= Lamplough Wallgate =

English cricketer

Lamplough Wallgate (12 November 1849 - 9 May 1887) was an English amateur first-class cricketer, who played three first-class matches for Yorkshire County Cricket Club. Wallgate made his debut in 1875, and his final appearance was in 1878.

Wallgate was born in Norton-on-Derwent in the East Riding of Yorkshire (now in North Yorkshire), England, and scored nine first-class runs, and took one wicket for seventeen with his round arm, right-handed, bowling. He made his debut against the Marylebone Cricket Club (MCC), in a drawn, end of season game, at North Marine Road Ground, Scarborough in September 1885. Wallgate opened the Yorkshire first innings, and scored three runs.

His only appearance in the County Championship came almost two years later, in August 1887, against Middlesex at Bramall Lane, Sheffield. Wallgate was dismissed for a duck in Yorkshire's 251, and the game was drawn before he had the chance to bat again.

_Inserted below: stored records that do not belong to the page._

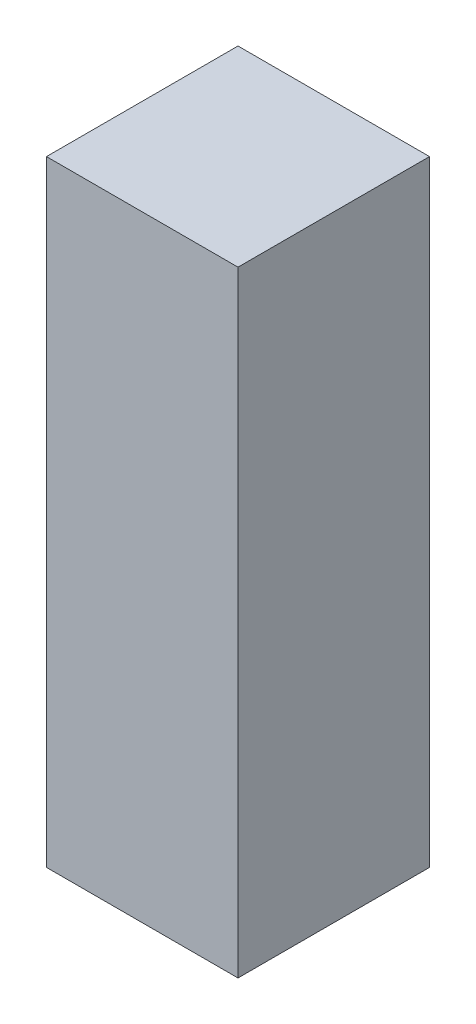
ISO-10303-21;
HEADER;
FILE_DESCRIPTION(('STEP AP214'),'2;1');
FILE_NAME('part.step','',(''),(''),'','','');
FILE_SCHEMA(('AUTOMOTIVE_DESIGN { 1 0 10303 214 1 1 1 1 }'));
ENDSEC;
DATA;
#1=APPLICATION_CONTEXT('core data for automotive mechanical design processes');
#2=APPLICATION_PROTOCOL_DEFINITION('international standard','automotive_design',2000,#1);
#3=PRODUCT_CONTEXT('',#1,'mechanical');
#4=PRODUCT('Part','Part','',(#3));
#5=PRODUCT_RELATED_PRODUCT_CATEGORY('part','',(#4));
#6=PRODUCT_DEFINITION_FORMATION('','',#4);
#7=PRODUCT_DEFINITION_CONTEXT('part definition',#1,'design');
#8=PRODUCT_DEFINITION('design','',#6,#7);
#9=PRODUCT_DEFINITION_SHAPE('','',#8);
#10=(LENGTH_UNIT() NAMED_UNIT(*) SI_UNIT(.MILLI.,.METRE.));
#11=(NAMED_UNIT(*) PLANE_ANGLE_UNIT() SI_UNIT($,.RADIAN.));
#12=(NAMED_UNIT(*) SI_UNIT($,.STERADIAN.) SOLID_ANGLE_UNIT());
#13=UNCERTAINTY_MEASURE_WITH_UNIT(LENGTH_MEASURE(1.E-05),#10,'distance_accuracy_value','');
#14=(GEOMETRIC_REPRESENTATION_CONTEXT(3) GLOBAL_UNCERTAINTY_ASSIGNED_CONTEXT((#13)) GLOBAL_UNIT_ASSIGNED_CONTEXT((#10,
#11,#12)) REPRESENTATION_CONTEXT('',''));
#15=CARTESIAN_POINT('',(0.,0.,0.));
#16=DIRECTION('',(0.,0.,1.));
#17=DIRECTION('',(1.,0.,0.));
#18=AXIS2_PLACEMENT_3D('',#15,#16,#17);
#19=CARTESIAN_POINT('',(-35.,225.,35.));
#20=DIRECTION('',(1.,0.,0.));
#21=DIRECTION('',(0.,0.,-1.));
#22=AXIS2_PLACEMENT_3D('',#19,#20,#21);
#23=PLANE('',#22);
#24=DIRECTION('',(0.,0.,1.));
#25=VECTOR('',#24,1.);
#26=CARTESIAN_POINT('',(-35.,0.,35.));
#27=LINE('',#26,#25);
#28=CARTESIAN_POINT('',(-35.,0.,-35.));
#29=VERTEX_POINT('',#28);
#30=CARTESIAN_POINT('',(-35.,0.,35.));
#31=VERTEX_POINT('',#30);
#32=EDGE_CURVE('E107',#29,#31,#27,.T.);
#33=ORIENTED_EDGE('',*,*,#32,.T.);
#34=DIRECTION('',(0.,-1.,0.));
#35=VECTOR('',#34,1.);
#36=CARTESIAN_POINT('',(-35.,225.,35.));
#37=LINE('',#36,#35);
#38=CARTESIAN_POINT('',(-35.,225.,35.));
#39=VERTEX_POINT('',#38);
#40=EDGE_CURVE('E11',#39,#31,#37,.T.);
#41=ORIENTED_EDGE('',*,*,#40,.F.);
#42=DIRECTION('',(0.,0.,1.));
#43=VECTOR('',#42,1.);
#44=CARTESIAN_POINT('',(-35.,225.,35.));
#45=LINE('',#44,#43);
#46=CARTESIAN_POINT('',(-35.,225.,-35.));
#47=VERTEX_POINT('',#46);
#48=EDGE_CURVE('E91',#47,#39,#45,.T.);
#49=ORIENTED_EDGE('',*,*,#48,.F.);
#50=DIRECTION('',(0.,-1.,0.));
#51=VECTOR('',#50,1.);
#52=CARTESIAN_POINT('',(-35.,225.,-35.));
#53=LINE('',#52,#51);
#54=EDGE_CURVE('E103',#47,#29,#53,.T.);
#55=ORIENTED_EDGE('',*,*,#54,.T.);
#56=EDGE_LOOP('',(#33,#41,#49,#55));
#57=FACE_BOUND('',#56,.T.);
#58=ADVANCED_FACE('F39',(#57),#23,.F.);
#59=CARTESIAN_POINT('',(35.,225.,35.));
#60=DIRECTION('',(0.,0.,-1.));
#61=DIRECTION('',(-1.,0.,0.));
#62=AXIS2_PLACEMENT_3D('',#59,#60,#61);
#63=PLANE('',#62);
#64=DIRECTION('',(1.,0.,0.));
#65=VECTOR('',#64,1.);
#66=CARTESIAN_POINT('',(35.,0.,35.));
#67=LINE('',#66,#65);
#68=CARTESIAN_POINT('',(35.,0.,35.));
#69=VERTEX_POINT('',#68);
#70=EDGE_CURVE('E96',#31,#69,#67,.T.);
#71=ORIENTED_EDGE('',*,*,#70,.T.);
#72=DIRECTION('',(0.,-1.,0.));
#73=VECTOR('',#72,1.);
#74=CARTESIAN_POINT('',(35.,225.,35.));
#75=LINE('',#74,#73);
#76=CARTESIAN_POINT('',(35.,225.,35.));
#77=VERTEX_POINT('',#76);
#78=EDGE_CURVE('E48',#77,#69,#75,.T.);
#79=ORIENTED_EDGE('',*,*,#78,.F.);
#80=DIRECTION('',(1.,0.,0.));
#81=VECTOR('',#80,1.);
#82=CARTESIAN_POINT('',(35.,225.,35.));
#83=LINE('',#82,#81);
#84=EDGE_CURVE('E86',#39,#77,#83,.T.);
#85=ORIENTED_EDGE('',*,*,#84,.F.);
#86=ORIENTED_EDGE('',*,*,#40,.T.);
#87=EDGE_LOOP('',(#71,#79,#85,#86));
#88=FACE_BOUND('',#87,.T.);
#89=ADVANCED_FACE('F95',(#88),#63,.F.);
#90=CARTESIAN_POINT('',(35.,225.,35.));
#91=DIRECTION('',(-1.,0.,0.));
#92=DIRECTION('',(0.,0.,1.));
#93=AXIS2_PLACEMENT_3D('',#90,#91,#92);
#94=PLANE('',#93);
#95=DIRECTION('',(0.,0.,-1.));
#96=VECTOR('',#95,1.);
#97=CARTESIAN_POINT('',(35.,0.,35.));
#98=LINE('',#97,#96);
#99=CARTESIAN_POINT('',(35.,0.,-35.));
#100=VERTEX_POINT('',#99);
#101=EDGE_CURVE('E73',#69,#100,#98,.T.);
#102=ORIENTED_EDGE('',*,*,#101,.T.);
#103=DIRECTION('',(0.,-1.,0.));
#104=VECTOR('',#103,1.);
#105=CARTESIAN_POINT('',(35.,225.,-35.));
#106=LINE('',#105,#104);
#107=CARTESIAN_POINT('',(35.,225.,-35.));
#108=VERTEX_POINT('',#107);
#109=EDGE_CURVE('E98',#108,#100,#106,.T.);
#110=ORIENTED_EDGE('',*,*,#109,.F.);
#111=DIRECTION('',(0.,0.,-1.));
#112=VECTOR('',#111,1.);
#113=CARTESIAN_POINT('',(35.,225.,35.));
#114=LINE('',#113,#112);
#115=EDGE_CURVE('E89',#77,#108,#114,.T.);
#116=ORIENTED_EDGE('',*,*,#115,.F.);
#117=ORIENTED_EDGE('',*,*,#78,.T.);
#118=EDGE_LOOP('',(#102,#110,#116,#117));
#119=FACE_BOUND('',#118,.T.);
#120=ADVANCED_FACE('F99',(#119),#94,.F.);
#121=CARTESIAN_POINT('',(35.,225.,-35.));
#122=DIRECTION('',(0.,0.,1.));
#123=DIRECTION('',(1.,0.,0.));
#124=AXIS2_PLACEMENT_3D('',#121,#122,#123);
#125=PLANE('',#124);
#126=DIRECTION('',(-1.,0.,0.));
#127=VECTOR('',#126,1.);
#128=CARTESIAN_POINT('',(35.,0.,-35.));
#129=LINE('',#128,#127);
#130=EDGE_CURVE('E79',#100,#29,#129,.T.);
#131=ORIENTED_EDGE('',*,*,#130,.T.);
#132=ORIENTED_EDGE('',*,*,#54,.F.);
#133=DIRECTION('',(-1.,0.,0.));
#134=VECTOR('',#133,1.);
#135=CARTESIAN_POINT('',(35.,225.,-35.));
#136=LINE('',#135,#134);
#137=EDGE_CURVE('E56',#108,#47,#136,.T.);
#138=ORIENTED_EDGE('',*,*,#137,.F.);
#139=ORIENTED_EDGE('',*,*,#109,.T.);
#140=EDGE_LOOP('',(#131,#132,#138,#139));
#141=FACE_BOUND('',#140,.T.);
#142=ADVANCED_FACE('F120',(#141),#125,.F.);
#143=CARTESIAN_POINT('',(0.,225.,0.));
#144=DIRECTION('',(0.,1.,0.));
#145=DIRECTION('',(0.,0.,1.));
#146=AXIS2_PLACEMENT_3D('',#143,#144,#145);
#147=PLANE('',#146);
#148=ORIENTED_EDGE('',*,*,#48,.T.);
#149=ORIENTED_EDGE('',*,*,#84,.T.);
#150=ORIENTED_EDGE('',*,*,#115,.T.);
#151=ORIENTED_EDGE('',*,*,#137,.T.);
#152=EDGE_LOOP('',(#148,#149,#150,#151));
#153=FACE_BOUND('',#152,.T.);
#154=ADVANCED_FACE('F87',(#153),#147,.T.);
#155=CARTESIAN_POINT('',(0.,0.,0.));
#156=DIRECTION('',(0.,1.,0.));
#157=DIRECTION('',(0.,0.,1.));
#158=AXIS2_PLACEMENT_3D('',#155,#156,#157);
#159=PLANE('',#158);
#160=ORIENTED_EDGE('',*,*,#32,.F.);
#161=ORIENTED_EDGE('',*,*,#130,.F.);
#162=ORIENTED_EDGE('',*,*,#101,.F.);
#163=ORIENTED_EDGE('',*,*,#70,.F.);
#164=EDGE_LOOP('',(#160,#161,#162,#163));
#165=FACE_BOUND('',#164,.T.);
#166=ADVANCED_FACE('F123',(#165),#159,.F.);
#167=CLOSED_SHELL('',(#58,#89,#120,#142,#154,#166));
#168=MANIFOLD_SOLID_BREP('B2',#167);
#169=ADVANCED_BREP_SHAPE_REPRESENTATION('',(#18,#168),#14);
#170=SHAPE_DEFINITION_REPRESENTATION(#9,#169);
ENDSEC;
END-ISO-10303-21;

Wallgate also played in two matches for Yorkshire against Scotland at The Grange, Edinburgh in 1878. Batting at number three, he scored six first-class runs in Yorkshire's first innings, and took a catch off the bowling of Tom Emmett. As this match finished a day early, a one-day game was arranged which Scotland won, after they passed Yorkshire's paltry 57, in which Wallgate top scored with 14, the only Yorkshire batsman score in double figures.

Wallgate died, aged 37, in May 1887 in Harrogate, Yorkshire.